Measuring A/B test impacts on website latency: using quantile metrics in GrowthBook

Luke Smith

May 21, 2024

min read

Measuring A/B test impacts on website latency: using quantile metrics in GrowthBook

Traditional A/B testing compares the mean of a treatment variation to the mean of a control variation. However, for many features or improvements, the average effect may be less important than the impact on outliers. For example, many times the goal of a feature is to reduce request latency for the slowest requests rather than just the average request latency. In such cases, quantile testing can be the solution, and GrowthBook now supports it for Pro and Enterprise customers.

This content is also in video format if desired.

What is quantile testing?

In quantile testing, quantiles are compared across variations. For example, you may want to compare P99 web page latency across different variations, where P99 is defined as the 99th percentile (i.e., the value below which 99% of website latencies fall). This is in contrast to mean testing, where the population means of variation A is compared to the population mean of variation B.

Setting up your quantile metric

Quantile metrics are built on Fact Tables.

Create a Fact Table that points to your data warehouse that has one row per request with a column for the latency of that request.

On the left-hand side of the home page, select Fact Tables (located under Metrics and Data), and then select Add Fact Table.

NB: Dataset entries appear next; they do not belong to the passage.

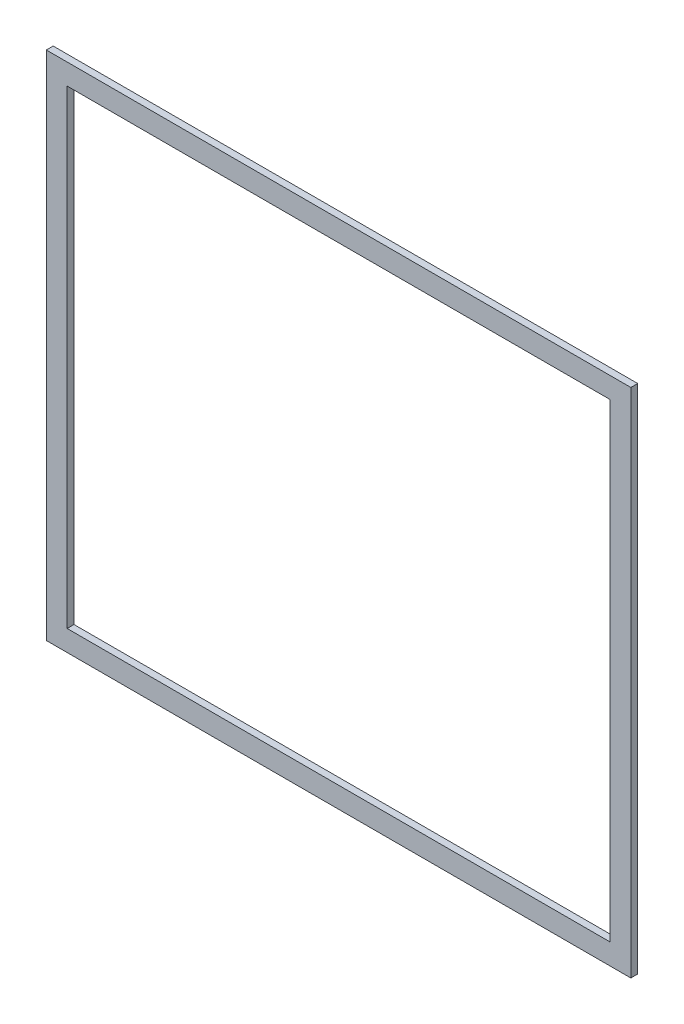
ISO-10303-21;
HEADER;
FILE_DESCRIPTION(('STEP AP214'),'2;1');
FILE_NAME('part.step','',(''),(''),'','','');
FILE_SCHEMA(('AUTOMOTIVE_DESIGN { 1 0 10303 214 1 1 1 1 }'));
ENDSEC;
DATA;
#1=APPLICATION_CONTEXT('core data for automotive mechanical design processes');
#2=APPLICATION_PROTOCOL_DEFINITION('international standard','automotive_design',2000,#1);
#3=PRODUCT_CONTEXT('',#1,'mechanical');
#4=PRODUCT('Part','Part','',(#3));
#5=PRODUCT_RELATED_PRODUCT_CATEGORY('part','',(#4));
#6=PRODUCT_DEFINITION_FORMATION('','',#4);
#7=PRODUCT_DEFINITION_CONTEXT('part definition',#1,'design');
#8=PRODUCT_DEFINITION('design','',#6,#7);
#9=PRODUCT_DEFINITION_SHAPE('','',#8);
#10=(LENGTH_UNIT() NAMED_UNIT(*) SI_UNIT(.MILLI.,.METRE.));
#11=(NAMED_UNIT(*) PLANE_ANGLE_UNIT() SI_UNIT($,.RADIAN.));
#12=(NAMED_UNIT(*) SI_UNIT($,.STERADIAN.) SOLID_ANGLE_UNIT());
#13=UNCERTAINTY_MEASURE_WITH_UNIT(LENGTH_MEASURE(1.E-05),#10,'distance_accuracy_value','');
#14=(GEOMETRIC_REPRESENTATION_CONTEXT(3) GLOBAL_UNCERTAINTY_ASSIGNED_CONTEXT((#13)) GLOBAL_UNIT_ASSIGNED_CONTEXT((#10,
#11,#12)) REPRESENTATION_CONTEXT('',''));
#15=CARTESIAN_POINT('',(0.,0.,0.));
#16=DIRECTION('',(0.,0.,1.));
#17=DIRECTION('',(1.,0.,0.));
#18=AXIS2_PLACEMENT_3D('',#15,#16,#17);
#19=CARTESIAN_POINT('',(94.2975,-81.5975,0.));
#20=DIRECTION('',(1.,0.,0.));
#21=DIRECTION('',(0.,1.,0.));
#22=AXIS2_PLACEMENT_3D('',#19,#20,#21);
#23=PLANE('',#22);
#24=DIRECTION('',(0.,0.,1.));
#25=VECTOR('',#24,1.);
#26=CARTESIAN_POINT('',(94.2975,81.5975000000001,0.));
#27=LINE('',#26,#25);
#28=CARTESIAN_POINT('',(94.2975,81.5975000000001,0.));
#29=VERTEX_POINT('',#28);
#30=CARTESIAN_POINT('',(94.2975,81.5975000000001,2.3876));
#31=VERTEX_POINT('',#30);
#32=EDGE_CURVE('E12',#29,#31,#27,.T.);
#33=ORIENTED_EDGE('',*,*,#32,.F.);
#34=DIRECTION('',(0.,1.,0.));
#35=VECTOR('',#34,1.);
#36=CARTESIAN_POINT('',(94.2975,-81.5975,0.));
#37=LINE('',#36,#35);
#38=CARTESIAN_POINT('',(94.2975,-81.5975,0.));
#39=VERTEX_POINT('',#38);
#40=EDGE_CURVE('E159',#39,#29,#37,.T.);
#41=ORIENTED_EDGE('',*,*,#40,.F.);
#42=DIRECTION('',(0.,0.,-1.));
#43=VECTOR('',#42,1.);
#44=CARTESIAN_POINT('',(94.2975,-81.5975,0.));
#45=LINE('',#44,#43);
#46=CARTESIAN_POINT('',(94.2975,-81.5975,2.3876));
#47=VERTEX_POINT('',#46);
#48=EDGE_CURVE('E169',#47,#39,#45,.T.);
#49=ORIENTED_EDGE('',*,*,#48,.F.);
#50=DIRECTION('',(0.,1.,0.));
#51=VECTOR('',#50,1.);
#52=CARTESIAN_POINT('',(94.2975,-81.5975,2.3876));
#53=LINE('',#52,#51);
#54=EDGE_CURVE('E153',#47,#31,#53,.T.);
#55=ORIENTED_EDGE('',*,*,#54,.T.);
#56=EDGE_LOOP('',(#33,#41,#49,#55));
#57=FACE_BOUND('',#56,.T.);
#58=ADVANCED_FACE('F40',(#57),#23,.F.);
#59=CARTESIAN_POINT('',(101.5365,-88.8365,2.3876));
#60=DIRECTION('',(-1.,0.,0.));
#61=DIRECTION('',(0.,-1.,0.));
#62=AXIS2_PLACEMENT_3D('',#59,#60,#61);
#63=PLANE('',#62);
#64=DIRECTION('',(0.,0.,-1.));
#65=VECTOR('',#64,1.);
#66=CARTESIAN_POINT('',(101.5365,88.8365,2.3876));
#67=LINE('',#66,#65);
#68=CARTESIAN_POINT('',(101.5365,88.8365000000001,2.3876));
#69=VERTEX_POINT('',#68);
#70=CARTESIAN_POINT('',(101.5365,88.8365,0.));
#71=VERTEX_POINT('',#70);
#72=EDGE_CURVE('E50',#69,#71,#67,.T.);
#73=ORIENTED_EDGE('',*,*,#72,.F.);
#74=DIRECTION('',(0.,1.,0.));
#75=VECTOR('',#74,1.);
#76=CARTESIAN_POINT('',(101.5365,-88.8365,2.3876));
#77=LINE('',#76,#75);
#78=CARTESIAN_POINT('',(101.5365,-88.8365,2.3876));
#79=VERTEX_POINT('',#78);
#80=EDGE_CURVE('E158',#79,#69,#77,.T.);
#81=ORIENTED_EDGE('',*,*,#80,.F.);
#82=DIRECTION('',(0.,0.,1.));
#83=VECTOR('',#82,1.);
#84=CARTESIAN_POINT('',(101.5365,-88.8365,2.3876));
#85=LINE('',#84,#83);
#86=CARTESIAN_POINT('',(101.5365,-88.8365,0.));
#87=VERTEX_POINT('',#86);
#88=EDGE_CURVE('E156',#87,#79,#85,.T.);
#89=ORIENTED_EDGE('',*,*,#88,.F.);
#90=DIRECTION('',(0.,1.,0.));
#91=VECTOR('',#90,1.);
#92=CARTESIAN_POINT('',(101.5365,-88.8365,0.));
#93=LINE('',#92,#91);
#94=EDGE_CURVE('E145',#87,#71,#93,.T.);
#95=ORIENTED_EDGE('',*,*,#94,.T.);
#96=EDGE_LOOP('',(#73,#81,#89,#95));
#97=FACE_BOUND('',#96,.T.);
#98=ADVANCED_FACE('F42',(#97),#63,.F.);
#99=CARTESIAN_POINT('',(-101.5365,-88.8365,2.3876));
#100=DIRECTION('',(0.,-1.,0.));
#101=DIRECTION('',(0.,0.,-1.));
#102=AXIS2_PLACEMENT_3D('',#99,#100,#101);
#103=PLANE('',#102);
#104=DIRECTION('',(1.,0.,0.));
#105=VECTOR('',#104,1.);
#106=CARTESIAN_POINT('',(-101.5365,-88.8365,0.));
#107=LINE('',#106,#105);
#108=CARTESIAN_POINT('',(-101.5365,-88.8365,0.));
#109=VERTEX_POINT('',#108);
#110=EDGE_CURVE('E179',#109,#87,#107,.T.);
#111=ORIENTED_EDGE('',*,*,#110,.T.);
#112=ORIENTED_EDGE('',*,*,#88,.T.);
#113=DIRECTION('',(1.,0.,0.));
#114=VECTOR('',#113,1.);
#115=CARTESIAN_POINT('',(-101.5365,-88.8365,2.3876));
#116=LINE('',#115,#114);
#117=CARTESIAN_POINT('',(-101.5365,-88.8365,2.3876));
#118=VERTEX_POINT('',#117);
#119=EDGE_CURVE('E175',#118,#79,#116,.T.);
#120=ORIENTED_EDGE('',*,*,#119,.F.);
#121=DIRECTION('',(0.,0.,-1.));
#122=VECTOR('',#121,1.);
#123=CARTESIAN_POINT('',(-101.5365,-88.8365,2.3876));
#124=LINE('',#123,#122);
#125=EDGE_CURVE('E184',#118,#109,#124,.T.);
#126=ORIENTED_EDGE('',*,*,#125,.T.);
#127=EDGE_LOOP('',(#111,#112,#120,#126));
#128=FACE_BOUND('',#127,.T.);
#129=ADVANCED_FACE('F193',(#128),#103,.T.);
#130=CARTESIAN_POINT('',(-94.2974999999999,-81.5975,0.));
#131=DIRECTION('',(0.,1.,0.));
#132=DIRECTION('',(0.,0.,1.));
#133=AXIS2_PLACEMENT_3D('',#130,#131,#132);
#134=PLANE('',#133);
#135=DIRECTION('',(1.,0.,0.));
#136=VECTOR('',#135,1.);
#137=CARTESIAN_POINT('',(-94.2974999999999,-81.5975,2.3876));
#138=LINE('',#137,#136);
#139=CARTESIAN_POINT('',(-94.2974999999999,-81.5975,2.3876));
#140=VERTEX_POINT('',#139);
#141=EDGE_CURVE('E111',#140,#47,#138,.T.);
#142=ORIENTED_EDGE('',*,*,#141,.T.);
#143=ORIENTED_EDGE('',*,*,#48,.T.);
#144=DIRECTION('',(1.,0.,0.));
#145=VECTOR('',#144,1.);
#146=CARTESIAN_POINT('',(-94.2974999999999,-81.5975,0.));
#147=LINE('',#146,#145);
#148=CARTESIAN_POINT('',(-94.2974999999999,-81.5975,0.));
#149=VERTEX_POINT('',#148);
#150=EDGE_CURVE('E172',#149,#39,#147,.T.);
#151=ORIENTED_EDGE('',*,*,#150,.F.);
#152=DIRECTION('',(0.,0.,1.));
#153=VECTOR('',#152,1.);
#154=CARTESIAN_POINT('',(-94.2974999999999,-81.5975,0.));
#155=LINE('',#154,#153);
#156=EDGE_CURVE('E174',#149,#140,#155,.T.);
#157=ORIENTED_EDGE('',*,*,#156,.T.);
#158=EDGE_LOOP('',(#142,#143,#151,#157));
#159=FACE_BOUND('',#158,.T.);
#160=ADVANCED_FACE('F173',(#159),#134,.T.);
#161=CARTESIAN_POINT('',(-101.5365,88.8365,2.3876));
#162=DIRECTION('',(1.,0.,0.));
#163=DIRECTION('',(0.,1.,0.));
#164=AXIS2_PLACEMENT_3D('',#161,#162,#163);
#165=PLANE('',#164);
#166=ORIENTED_EDGE('',*,*,#125,.F.);
#167=DIRECTION('',(0.,-1.,0.));
#168=VECTOR('',#167,1.);
#169=CARTESIAN_POINT('',(-101.5365,88.8365,2.3876));
#170=LINE('',#169,#168);
#171=CARTESIAN_POINT('',(-101.5365,88.8365,2.3876));
#172=VERTEX_POINT('',#171);
#173=EDGE_CURVE('E116',#172,#118,#170,.T.);
#174=ORIENTED_EDGE('',*,*,#173,.F.);
#175=DIRECTION('',(0.,0.,1.));
#176=VECTOR('',#175,1.);
#177=CARTESIAN_POINT('',(-101.5365,88.8365,2.3876));
#178=LINE('',#177,#176);
#179=CARTESIAN_POINT('',(-101.5365,88.8365,0.));
#180=VERTEX_POINT('',#179);
#181=EDGE_CURVE('E124',#180,#172,#178,.T.);
#182=ORIENTED_EDGE('',*,*,#181,.F.);
#183=DIRECTION('',(0.,-1.,0.));
#184=VECTOR('',#183,1.);
#185=CARTESIAN_POINT('',(-101.5365,88.8365,0.));
#186=LINE('',#185,#184);
#187=EDGE_CURVE('E148',#180,#109,#186,.T.);
#188=ORIENTED_EDGE('',*,*,#187,.T.);
#189=EDGE_LOOP('',(#166,#174,#182,#188));
#190=FACE_BOUND('',#189,.T.);
#191=ADVANCED_FACE('F196',(#190),#165,.F.);
#192=CARTESIAN_POINT('',(-94.2975,81.5975,0.));
#193=DIRECTION('',(-1.,0.,0.));
#194=DIRECTION('',(0.,-1.,0.));
#195=AXIS2_PLACEMENT_3D('',#192,#193,#194);
#196=PLANE('',#195);
#197=ORIENTED_EDGE('',*,*,#156,.F.);
#198=DIRECTION('',(0.,-1.,0.));
#199=VECTOR('',#198,1.);
#200=CARTESIAN_POINT('',(-94.2975,81.5975,0.));
#201=LINE('',#200,#199);
#202=CARTESIAN_POINT('',(-94.2975,81.5975,0.));
#203=VERTEX_POINT('',#202);
#204=EDGE_CURVE('E115',#203,#149,#201,.T.);
#205=ORIENTED_EDGE('',*,*,#204,.F.);
#206=DIRECTION('',(0.,0.,-1.));
#207=VECTOR('',#206,1.);
#208=CARTESIAN_POINT('',(-94.2975,81.5975,0.));
#209=LINE('',#208,#207);
#210=CARTESIAN_POINT('',(-94.2975,81.5975,2.3876));
#211=VERTEX_POINT('',#210);
#212=EDGE_CURVE('E119',#211,#203,#209,.T.);
#213=ORIENTED_EDGE('',*,*,#212,.F.);
#214=DIRECTION('',(0.,-1.,0.));
#215=VECTOR('',#214,1.);
#216=CARTESIAN_POINT('',(-94.2975,81.5975,2.3876));
#217=LINE('',#216,#215);
#218=EDGE_CURVE('E104',#211,#140,#217,.T.);
#219=ORIENTED_EDGE('',*,*,#218,.T.);
#220=EDGE_LOOP('',(#197,#205,#213,#219));
#221=FACE_BOUND('',#220,.T.);
#222=ADVANCED_FACE('F120',(#221),#196,.F.);
#223=CARTESIAN_POINT('',(-113.162163791839,81.5975,2.3876));
#224=DIRECTION('',(0.,0.,1.));
#225=DIRECTION('',(0.,-1.,0.));
#226=AXIS2_PLACEMENT_3D('',#223,#224,#225);
#227=PLANE('',#226);
#228=ORIENTED_EDGE('',*,*,#218,.F.);
#229=DIRECTION('',(1.,0.,0.));
#230=VECTOR('',#229,1.);
#231=CARTESIAN_POINT('',(-113.162163791839,81.5975,2.3876));
#232=LINE('',#231,#230);
#233=EDGE_CURVE('E109',#211,#31,#232,.T.);
#234=ORIENTED_EDGE('',*,*,#233,.T.);
#235=ORIENTED_EDGE('',*,*,#54,.F.);
#236=ORIENTED_EDGE('',*,*,#141,.F.);
#237=EDGE_LOOP('',(#228,#234,#235,#236));
#238=FACE_BOUND('',#237,.T.);
#239=DIRECTION('',(1.,0.,0.));
#240=VECTOR('',#239,1.);
#241=CARTESIAN_POINT('',(-113.162163791839,88.8365,2.3876));
#242=LINE('',#241,#240);
#243=EDGE_CURVE('E57',#172,#69,#242,.T.);
#244=ORIENTED_EDGE('',*,*,#243,.F.);
#245=ORIENTED_EDGE('',*,*,#173,.T.);
#246=ORIENTED_EDGE('',*,*,#119,.T.);
#247=ORIENTED_EDGE('',*,*,#80,.T.);
#248=EDGE_LOOP('',(#244,#245,#246,#247));
#249=FACE_BOUND('',#248,.T.);
#250=ADVANCED_FACE('F106',(#238,#249),#227,.T.);
#251=CARTESIAN_POINT('',(-113.162163791839,81.5975,0.));
#252=DIRECTION('',(0.,-1.,0.));
#253=DIRECTION('',(0.,0.,-1.));
#254=AXIS2_PLACEMENT_3D('',#251,#252,#253);
#255=PLANE('',#254);
#256=ORIENTED_EDGE('',*,*,#233,.F.);
#257=ORIENTED_EDGE('',*,*,#212,.T.);
#258=DIRECTION('',(1.,0.,0.));
#259=VECTOR('',#258,1.);
#260=CARTESIAN_POINT('',(-113.162163791839,81.5975,0.));
#261=LINE('',#260,#259);
#262=EDGE_CURVE('E130',#203,#29,#261,.T.);
#263=ORIENTED_EDGE('',*,*,#262,.T.);
#264=ORIENTED_EDGE('',*,*,#32,.T.);
#265=EDGE_LOOP('',(#256,#257,#263,#264));
#266=FACE_BOUND('',#265,.T.);
#267=ADVANCED_FACE('F127',(#266),#255,.T.);
#268=CARTESIAN_POINT('',(-113.162163791839,88.8365,0.));
#269=DIRECTION('',(0.,0.,-1.));
#270=DIRECTION('',(0.,1.,0.));
#271=AXIS2_PLACEMENT_3D('',#268,#269,#270);
#272=PLANE('',#271);
#273=ORIENTED_EDGE('',*,*,#187,.F.);
#274=DIRECTION('',(1.,0.,0.));
#275=VECTOR('',#274,1.);
#276=CARTESIAN_POINT('',(-113.162163791839,88.8365,0.));
#277=LINE('',#276,#275);
#278=EDGE_CURVE('E125',#180,#71,#277,.T.);
#279=ORIENTED_EDGE('',*,*,#278,.T.);
#280=ORIENTED_EDGE('',*,*,#94,.F.);
#281=ORIENTED_EDGE('',*,*,#110,.F.);
#282=EDGE_LOOP('',(#273,#279,#280,#281));
#283=FACE_BOUND('',#282,.T.);
#284=ORIENTED_EDGE('',*,*,#262,.F.);
#285=ORIENTED_EDGE('',*,*,#204,.T.);
#286=ORIENTED_EDGE('',*,*,#150,.T.);
#287=ORIENTED_EDGE('',*,*,#40,.T.);
#288=EDGE_LOOP('',(#284,#285,#286,#287));
#289=FACE_BOUND('',#288,.T.);
#290=ADVANCED_FACE('F142',(#283,#289),#272,.T.);
#291=CARTESIAN_POINT('',(-113.162163791839,88.8365,2.3876));
#292=DIRECTION('',(0.,1.,0.));
#293=DIRECTION('',(0.,0.,1.));
#294=AXIS2_PLACEMENT_3D('',#291,#292,#293);
#295=PLANE('',#294);
#296=ORIENTED_EDGE('',*,*,#278,.F.);
#297=ORIENTED_EDGE('',*,*,#181,.T.);
#298=ORIENTED_EDGE('',*,*,#243,.T.);
#299=ORIENTED_EDGE('',*,*,#72,.T.);
#300=EDGE_LOOP('',(#296,#297,#298,#299));
#301=FACE_BOUND('',#300,.T.);
#302=ADVANCED_FACE('F150',(#301),#295,.T.);
#303=CLOSED_SHELL('',(#58,#98,#129,#160,#191,#222,#250,#267,#290,#302));
#304=MANIFOLD_SOLID_BREP('B2',#303);
#305=ADVANCED_BREP_SHAPE_REPRESENTATION('',(#18,#304),#14);
#306=SHAPE_DEFINITION_REPRESENTATION(#9,#305);
ENDSEC;
END-ISO-10303-21;

Your Fact Table will have a few key columns such as session_id, user_id, timestamp, and latency.

Below is the SQL code for the Fact Table.

SELECT
  user_id,
  timestamp,
  latency
FROM
  requests

‍

Create a quantile metric that builds a quantile for that latency column

After creating your Fact Table, click Add Metric on the page for your Fact Table. Select Quantile for Type of Metric.

GrowthBook fact table metric modal showing quantile metric type selection for latency measurement

You can create a mean metric for the average latency, as well as different quantile metrics, such as P99.

Running your quantile test

Now that you have created your metrics, add them to your experiment just like any other metric. Quantile metrics can be analyzed alongside mean metrics. Below are your quantile metric results.

Screenshot example of quantile metric results in GrowthBook — GrowthBook quantile metric results showing P99 latency reduction from 1460ms to 464ms alongside mean and revenue metrics

Suppose you want to answer the question, “Did I improve the worst website latency experiences for our users?” The first metric to look at is latency, which is a mean metric. There is a 40 ms reduction from 239ms to 199ms. While this reduction is helpful, quantile metrics can better answer this question. The metric latency_p_99 estimates P99 latency for a variation. Treatment reduced P99 latency from 1460 ms to 464 ms. So treatment had a big impact on the worst latencies!

Suppose you also want to answer the question, “did improving latency also improve revenue, and if so, on which users?” The mean metric revenue shows a 10% increase in mean spend from $0.80 to $0.88. You created three quantile metrics (revenue_p_50, revenue_p_75, and revenue_p_90 ) to examine which subgroup of users is benefitting. That is, are gains coming from typical users (median revenue, represented by revenue_p_50), moderately high spenders (represented by revenue_p_75), or the highest spenders (represented by revenue_p_90)? The table above shows no improvement for typical spenders, who have spend of $0. Further, the table also shows roughly 9% improvement for both moderately high and high spenders. Finally, you can see that in both groups at least 50% of customers have 0 spend, and you can see P75 and P90 spend. So quantile testing provides a more complete picture of the distributions of both groups, as well as the feature impact along the distribution.